* [ACTIVITY]
Report each line of the entries below that includes "TreatAsAtomicUnit".

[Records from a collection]
=== Begin Enclosure ===
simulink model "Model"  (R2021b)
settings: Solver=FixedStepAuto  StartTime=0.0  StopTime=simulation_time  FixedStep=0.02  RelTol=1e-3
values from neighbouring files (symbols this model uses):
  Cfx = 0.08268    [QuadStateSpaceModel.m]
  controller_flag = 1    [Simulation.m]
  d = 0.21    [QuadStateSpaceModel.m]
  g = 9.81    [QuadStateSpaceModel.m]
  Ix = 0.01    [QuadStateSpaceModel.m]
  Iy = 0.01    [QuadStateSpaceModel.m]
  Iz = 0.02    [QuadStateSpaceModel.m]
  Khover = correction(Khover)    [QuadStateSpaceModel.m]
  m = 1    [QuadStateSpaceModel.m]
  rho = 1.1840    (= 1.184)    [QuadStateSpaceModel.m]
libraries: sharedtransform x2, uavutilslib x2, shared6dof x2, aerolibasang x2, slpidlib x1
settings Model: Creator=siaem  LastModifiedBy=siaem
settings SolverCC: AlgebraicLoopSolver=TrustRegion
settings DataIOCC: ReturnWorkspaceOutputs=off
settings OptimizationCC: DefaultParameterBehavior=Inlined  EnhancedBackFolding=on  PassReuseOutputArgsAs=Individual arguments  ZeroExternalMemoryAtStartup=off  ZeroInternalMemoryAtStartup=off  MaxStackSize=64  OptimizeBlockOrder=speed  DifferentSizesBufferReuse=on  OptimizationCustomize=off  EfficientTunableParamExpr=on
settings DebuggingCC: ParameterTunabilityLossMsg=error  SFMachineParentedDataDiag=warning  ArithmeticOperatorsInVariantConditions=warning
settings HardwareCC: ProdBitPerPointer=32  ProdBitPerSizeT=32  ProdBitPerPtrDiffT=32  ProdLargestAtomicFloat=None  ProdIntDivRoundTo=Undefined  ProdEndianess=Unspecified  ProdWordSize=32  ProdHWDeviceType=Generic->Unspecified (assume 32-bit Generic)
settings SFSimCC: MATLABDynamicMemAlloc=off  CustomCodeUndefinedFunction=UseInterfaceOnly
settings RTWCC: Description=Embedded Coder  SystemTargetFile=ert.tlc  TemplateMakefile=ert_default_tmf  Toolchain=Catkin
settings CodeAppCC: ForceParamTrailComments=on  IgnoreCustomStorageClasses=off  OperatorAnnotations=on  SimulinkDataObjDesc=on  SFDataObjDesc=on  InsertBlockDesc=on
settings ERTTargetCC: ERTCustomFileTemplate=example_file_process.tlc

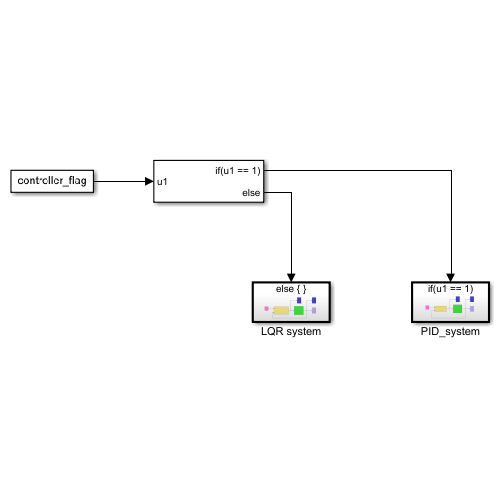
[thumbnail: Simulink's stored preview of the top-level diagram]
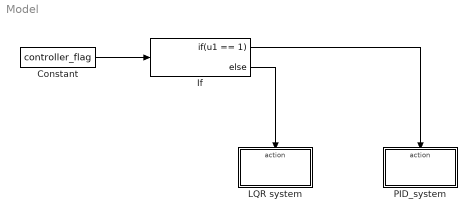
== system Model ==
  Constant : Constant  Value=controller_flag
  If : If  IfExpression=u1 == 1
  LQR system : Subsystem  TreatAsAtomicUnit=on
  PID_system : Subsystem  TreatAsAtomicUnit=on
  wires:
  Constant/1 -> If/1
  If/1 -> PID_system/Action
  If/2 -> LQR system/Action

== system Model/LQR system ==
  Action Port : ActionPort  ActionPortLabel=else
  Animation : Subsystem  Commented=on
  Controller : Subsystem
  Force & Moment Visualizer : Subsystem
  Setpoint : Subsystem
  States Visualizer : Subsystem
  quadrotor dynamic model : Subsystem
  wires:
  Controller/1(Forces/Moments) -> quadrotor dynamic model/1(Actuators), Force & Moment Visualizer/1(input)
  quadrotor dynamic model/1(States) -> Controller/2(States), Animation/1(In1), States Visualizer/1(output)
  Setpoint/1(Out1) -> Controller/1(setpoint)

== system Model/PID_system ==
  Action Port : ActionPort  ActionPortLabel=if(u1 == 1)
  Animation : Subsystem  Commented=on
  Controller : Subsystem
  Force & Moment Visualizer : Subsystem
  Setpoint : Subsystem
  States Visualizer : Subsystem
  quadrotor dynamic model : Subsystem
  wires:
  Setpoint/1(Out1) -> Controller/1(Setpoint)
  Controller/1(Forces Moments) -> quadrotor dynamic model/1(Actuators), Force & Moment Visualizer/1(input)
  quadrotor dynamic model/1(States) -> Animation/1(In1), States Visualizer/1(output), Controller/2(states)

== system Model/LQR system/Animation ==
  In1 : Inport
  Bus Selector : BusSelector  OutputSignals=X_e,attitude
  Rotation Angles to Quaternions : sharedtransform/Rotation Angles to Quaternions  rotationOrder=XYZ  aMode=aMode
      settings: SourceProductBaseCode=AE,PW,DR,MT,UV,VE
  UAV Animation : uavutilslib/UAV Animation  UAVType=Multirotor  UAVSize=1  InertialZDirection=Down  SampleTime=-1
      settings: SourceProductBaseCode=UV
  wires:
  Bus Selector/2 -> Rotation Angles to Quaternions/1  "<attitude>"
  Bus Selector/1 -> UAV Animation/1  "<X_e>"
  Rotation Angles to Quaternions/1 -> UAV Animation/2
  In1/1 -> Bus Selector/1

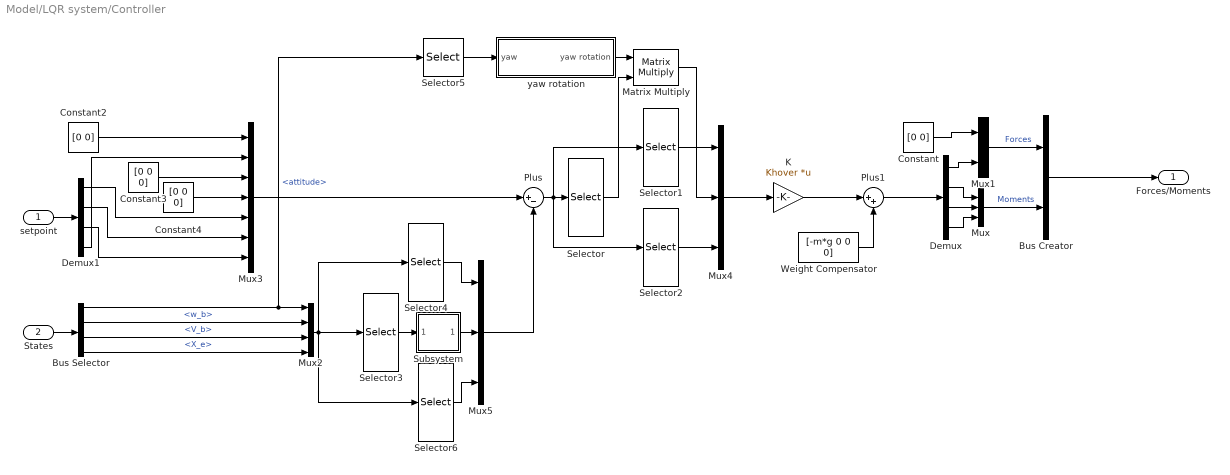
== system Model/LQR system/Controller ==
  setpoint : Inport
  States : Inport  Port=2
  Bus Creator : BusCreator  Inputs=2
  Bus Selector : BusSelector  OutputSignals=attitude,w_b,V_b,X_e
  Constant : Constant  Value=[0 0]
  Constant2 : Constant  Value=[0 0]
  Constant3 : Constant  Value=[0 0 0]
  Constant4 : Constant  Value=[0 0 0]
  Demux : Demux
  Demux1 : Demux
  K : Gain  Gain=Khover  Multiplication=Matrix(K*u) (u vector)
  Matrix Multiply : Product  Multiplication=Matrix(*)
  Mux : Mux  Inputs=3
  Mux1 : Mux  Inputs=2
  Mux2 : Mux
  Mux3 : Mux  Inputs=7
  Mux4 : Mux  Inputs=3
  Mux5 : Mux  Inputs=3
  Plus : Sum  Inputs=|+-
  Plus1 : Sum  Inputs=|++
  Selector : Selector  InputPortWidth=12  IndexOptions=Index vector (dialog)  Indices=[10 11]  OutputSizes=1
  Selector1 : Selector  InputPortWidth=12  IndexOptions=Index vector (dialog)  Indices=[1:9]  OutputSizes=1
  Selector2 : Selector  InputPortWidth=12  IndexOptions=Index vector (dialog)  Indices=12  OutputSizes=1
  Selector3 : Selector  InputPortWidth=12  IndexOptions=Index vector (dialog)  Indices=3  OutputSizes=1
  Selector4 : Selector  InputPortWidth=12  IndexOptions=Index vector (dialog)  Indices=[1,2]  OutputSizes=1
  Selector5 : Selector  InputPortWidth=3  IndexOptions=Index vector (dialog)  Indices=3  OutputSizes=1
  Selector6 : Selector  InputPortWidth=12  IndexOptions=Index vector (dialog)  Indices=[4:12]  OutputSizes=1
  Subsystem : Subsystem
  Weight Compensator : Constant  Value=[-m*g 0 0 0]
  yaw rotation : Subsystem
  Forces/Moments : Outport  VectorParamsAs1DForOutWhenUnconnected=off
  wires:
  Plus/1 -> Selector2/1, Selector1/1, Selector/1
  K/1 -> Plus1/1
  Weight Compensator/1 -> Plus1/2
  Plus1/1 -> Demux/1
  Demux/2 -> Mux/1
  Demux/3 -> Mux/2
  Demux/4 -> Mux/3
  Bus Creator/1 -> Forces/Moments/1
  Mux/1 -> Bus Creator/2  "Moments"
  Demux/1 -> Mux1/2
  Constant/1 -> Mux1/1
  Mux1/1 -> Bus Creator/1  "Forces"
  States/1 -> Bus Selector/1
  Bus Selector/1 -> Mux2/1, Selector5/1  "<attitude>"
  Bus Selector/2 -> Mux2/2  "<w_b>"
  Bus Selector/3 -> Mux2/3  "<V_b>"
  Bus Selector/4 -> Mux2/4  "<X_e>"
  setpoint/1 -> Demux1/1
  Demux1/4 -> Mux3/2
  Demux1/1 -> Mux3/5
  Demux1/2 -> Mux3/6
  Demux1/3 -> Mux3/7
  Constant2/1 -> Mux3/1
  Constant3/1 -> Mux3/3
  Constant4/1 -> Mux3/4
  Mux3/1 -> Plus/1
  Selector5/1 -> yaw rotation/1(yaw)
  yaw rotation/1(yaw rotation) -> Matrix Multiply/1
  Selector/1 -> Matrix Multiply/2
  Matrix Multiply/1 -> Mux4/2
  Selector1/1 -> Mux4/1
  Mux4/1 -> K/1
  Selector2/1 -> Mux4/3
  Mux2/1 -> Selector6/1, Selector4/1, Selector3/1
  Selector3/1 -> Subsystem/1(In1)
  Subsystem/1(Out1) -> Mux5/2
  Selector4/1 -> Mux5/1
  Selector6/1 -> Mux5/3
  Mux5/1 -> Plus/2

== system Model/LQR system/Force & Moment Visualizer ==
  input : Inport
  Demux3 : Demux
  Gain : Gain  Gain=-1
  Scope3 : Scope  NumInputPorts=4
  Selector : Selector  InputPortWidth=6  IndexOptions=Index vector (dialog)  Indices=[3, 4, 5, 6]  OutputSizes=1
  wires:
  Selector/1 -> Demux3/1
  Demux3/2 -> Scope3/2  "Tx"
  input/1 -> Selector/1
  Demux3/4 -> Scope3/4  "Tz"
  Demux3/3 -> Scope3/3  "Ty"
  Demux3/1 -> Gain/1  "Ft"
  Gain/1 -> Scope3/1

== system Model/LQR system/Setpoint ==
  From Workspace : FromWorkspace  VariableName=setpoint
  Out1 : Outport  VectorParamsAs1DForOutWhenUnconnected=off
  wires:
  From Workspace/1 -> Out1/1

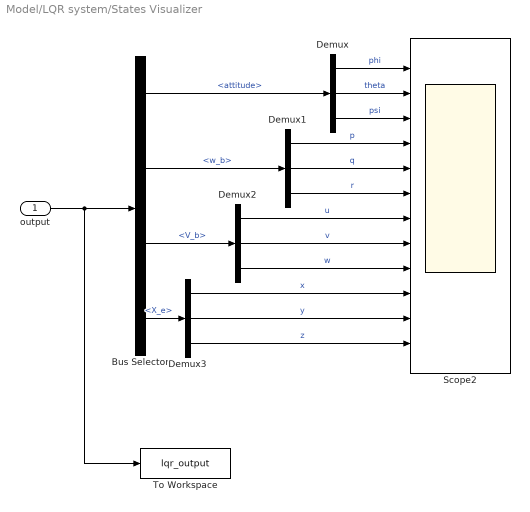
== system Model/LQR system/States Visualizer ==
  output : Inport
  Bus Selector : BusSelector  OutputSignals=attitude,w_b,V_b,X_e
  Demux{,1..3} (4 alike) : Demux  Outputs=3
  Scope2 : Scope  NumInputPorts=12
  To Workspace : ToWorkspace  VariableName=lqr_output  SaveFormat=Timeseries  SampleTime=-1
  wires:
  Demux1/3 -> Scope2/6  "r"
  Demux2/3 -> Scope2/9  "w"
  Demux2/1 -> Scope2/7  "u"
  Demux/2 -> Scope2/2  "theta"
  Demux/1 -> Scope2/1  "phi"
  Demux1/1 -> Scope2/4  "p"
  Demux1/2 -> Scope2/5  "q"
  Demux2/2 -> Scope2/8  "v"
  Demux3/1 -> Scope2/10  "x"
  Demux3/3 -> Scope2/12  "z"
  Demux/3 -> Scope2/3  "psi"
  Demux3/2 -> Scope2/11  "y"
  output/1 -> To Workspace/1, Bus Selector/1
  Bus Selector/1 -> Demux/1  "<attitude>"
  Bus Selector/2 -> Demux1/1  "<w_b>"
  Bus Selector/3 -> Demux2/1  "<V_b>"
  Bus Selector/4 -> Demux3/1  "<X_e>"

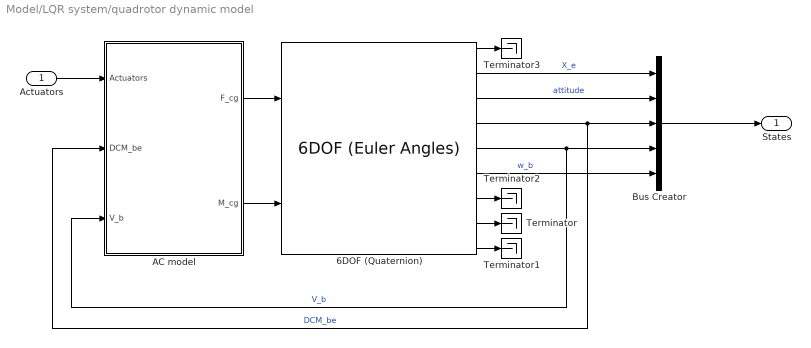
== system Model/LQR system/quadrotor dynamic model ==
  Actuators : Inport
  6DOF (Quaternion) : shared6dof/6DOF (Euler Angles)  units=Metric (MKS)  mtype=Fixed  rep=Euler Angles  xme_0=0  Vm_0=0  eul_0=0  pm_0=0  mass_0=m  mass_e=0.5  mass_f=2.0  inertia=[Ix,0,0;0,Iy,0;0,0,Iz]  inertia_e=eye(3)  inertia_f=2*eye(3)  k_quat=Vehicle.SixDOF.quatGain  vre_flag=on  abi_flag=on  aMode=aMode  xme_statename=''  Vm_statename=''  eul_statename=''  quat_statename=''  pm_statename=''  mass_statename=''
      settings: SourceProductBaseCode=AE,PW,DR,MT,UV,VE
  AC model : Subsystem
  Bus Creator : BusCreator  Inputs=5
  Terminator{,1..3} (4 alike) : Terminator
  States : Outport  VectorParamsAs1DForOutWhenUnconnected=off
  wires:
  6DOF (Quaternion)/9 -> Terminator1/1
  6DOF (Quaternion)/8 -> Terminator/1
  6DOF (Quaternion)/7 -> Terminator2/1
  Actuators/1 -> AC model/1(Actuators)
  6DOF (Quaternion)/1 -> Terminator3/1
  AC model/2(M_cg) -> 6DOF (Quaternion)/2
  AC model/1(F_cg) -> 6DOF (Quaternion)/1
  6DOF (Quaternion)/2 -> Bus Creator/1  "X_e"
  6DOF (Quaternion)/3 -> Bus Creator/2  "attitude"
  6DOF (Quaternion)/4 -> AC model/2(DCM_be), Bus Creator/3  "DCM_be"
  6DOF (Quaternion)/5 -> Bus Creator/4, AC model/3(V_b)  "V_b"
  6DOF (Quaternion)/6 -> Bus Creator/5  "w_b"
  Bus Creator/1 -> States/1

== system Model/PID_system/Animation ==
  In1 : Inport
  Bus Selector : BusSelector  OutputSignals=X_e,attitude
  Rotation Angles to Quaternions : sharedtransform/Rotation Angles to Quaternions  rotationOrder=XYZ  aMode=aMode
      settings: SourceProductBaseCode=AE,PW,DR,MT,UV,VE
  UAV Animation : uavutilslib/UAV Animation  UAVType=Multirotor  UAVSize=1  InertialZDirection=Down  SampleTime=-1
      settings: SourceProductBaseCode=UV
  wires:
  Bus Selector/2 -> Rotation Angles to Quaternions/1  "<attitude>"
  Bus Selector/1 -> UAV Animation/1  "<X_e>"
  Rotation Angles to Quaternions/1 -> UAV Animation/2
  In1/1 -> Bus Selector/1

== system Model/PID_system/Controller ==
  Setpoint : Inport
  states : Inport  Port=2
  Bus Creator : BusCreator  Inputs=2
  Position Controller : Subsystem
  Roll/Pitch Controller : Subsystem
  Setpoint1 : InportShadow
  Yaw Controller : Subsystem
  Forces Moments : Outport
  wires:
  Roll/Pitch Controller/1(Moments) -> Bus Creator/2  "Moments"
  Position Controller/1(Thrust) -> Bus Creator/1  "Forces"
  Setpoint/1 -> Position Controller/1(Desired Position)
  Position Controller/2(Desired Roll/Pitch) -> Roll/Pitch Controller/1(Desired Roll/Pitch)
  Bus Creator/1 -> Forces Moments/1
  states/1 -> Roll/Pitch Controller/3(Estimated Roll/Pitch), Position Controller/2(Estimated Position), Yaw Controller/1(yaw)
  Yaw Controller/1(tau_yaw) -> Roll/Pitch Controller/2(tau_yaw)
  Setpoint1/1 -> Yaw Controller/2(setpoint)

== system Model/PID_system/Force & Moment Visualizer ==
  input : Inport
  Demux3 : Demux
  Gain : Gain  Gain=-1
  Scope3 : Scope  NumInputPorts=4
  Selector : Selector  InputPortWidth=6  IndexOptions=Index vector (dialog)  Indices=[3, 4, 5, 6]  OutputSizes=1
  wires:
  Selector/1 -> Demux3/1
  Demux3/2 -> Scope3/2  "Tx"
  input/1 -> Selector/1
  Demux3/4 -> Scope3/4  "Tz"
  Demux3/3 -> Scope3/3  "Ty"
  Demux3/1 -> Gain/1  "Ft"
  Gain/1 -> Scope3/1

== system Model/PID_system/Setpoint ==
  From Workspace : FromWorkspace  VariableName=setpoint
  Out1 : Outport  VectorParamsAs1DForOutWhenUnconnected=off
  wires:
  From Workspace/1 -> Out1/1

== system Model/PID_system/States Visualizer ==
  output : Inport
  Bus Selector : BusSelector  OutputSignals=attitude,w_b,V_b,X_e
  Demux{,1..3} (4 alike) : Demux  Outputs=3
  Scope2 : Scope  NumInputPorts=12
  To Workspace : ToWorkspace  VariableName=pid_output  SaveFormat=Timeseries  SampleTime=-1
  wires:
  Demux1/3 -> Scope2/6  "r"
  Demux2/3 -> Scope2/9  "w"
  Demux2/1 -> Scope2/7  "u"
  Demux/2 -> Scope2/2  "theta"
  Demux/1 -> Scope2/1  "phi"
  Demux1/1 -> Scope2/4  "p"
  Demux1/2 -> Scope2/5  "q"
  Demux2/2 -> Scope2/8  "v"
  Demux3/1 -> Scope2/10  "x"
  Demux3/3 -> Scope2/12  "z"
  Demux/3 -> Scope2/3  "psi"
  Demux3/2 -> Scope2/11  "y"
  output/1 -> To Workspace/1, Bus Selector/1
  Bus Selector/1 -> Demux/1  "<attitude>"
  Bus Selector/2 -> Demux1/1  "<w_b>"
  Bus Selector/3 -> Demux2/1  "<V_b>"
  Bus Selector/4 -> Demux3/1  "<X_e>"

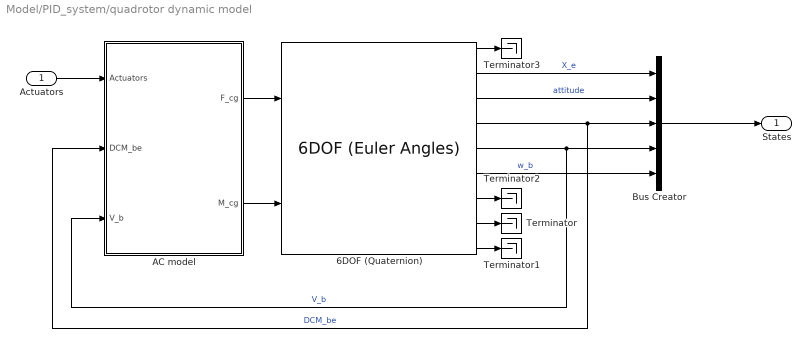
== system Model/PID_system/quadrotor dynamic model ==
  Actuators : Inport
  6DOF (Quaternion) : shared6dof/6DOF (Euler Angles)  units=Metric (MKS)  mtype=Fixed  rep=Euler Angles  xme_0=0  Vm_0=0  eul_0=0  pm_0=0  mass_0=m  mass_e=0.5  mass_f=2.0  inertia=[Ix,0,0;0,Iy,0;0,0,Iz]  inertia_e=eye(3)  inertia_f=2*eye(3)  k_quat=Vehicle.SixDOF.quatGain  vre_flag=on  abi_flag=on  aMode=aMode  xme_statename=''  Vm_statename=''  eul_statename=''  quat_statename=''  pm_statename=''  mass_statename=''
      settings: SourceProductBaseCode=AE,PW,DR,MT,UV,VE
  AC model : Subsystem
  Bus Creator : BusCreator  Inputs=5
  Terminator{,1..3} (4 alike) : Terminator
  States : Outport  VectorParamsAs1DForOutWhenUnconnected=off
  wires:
=== End Enclosure ===
* [EXERCISE OUTPUT]
  LQR system : Subsystem  TreatAsAtomicUnit=on
  PID_system : Subsystem  TreatAsAtomicUnit=on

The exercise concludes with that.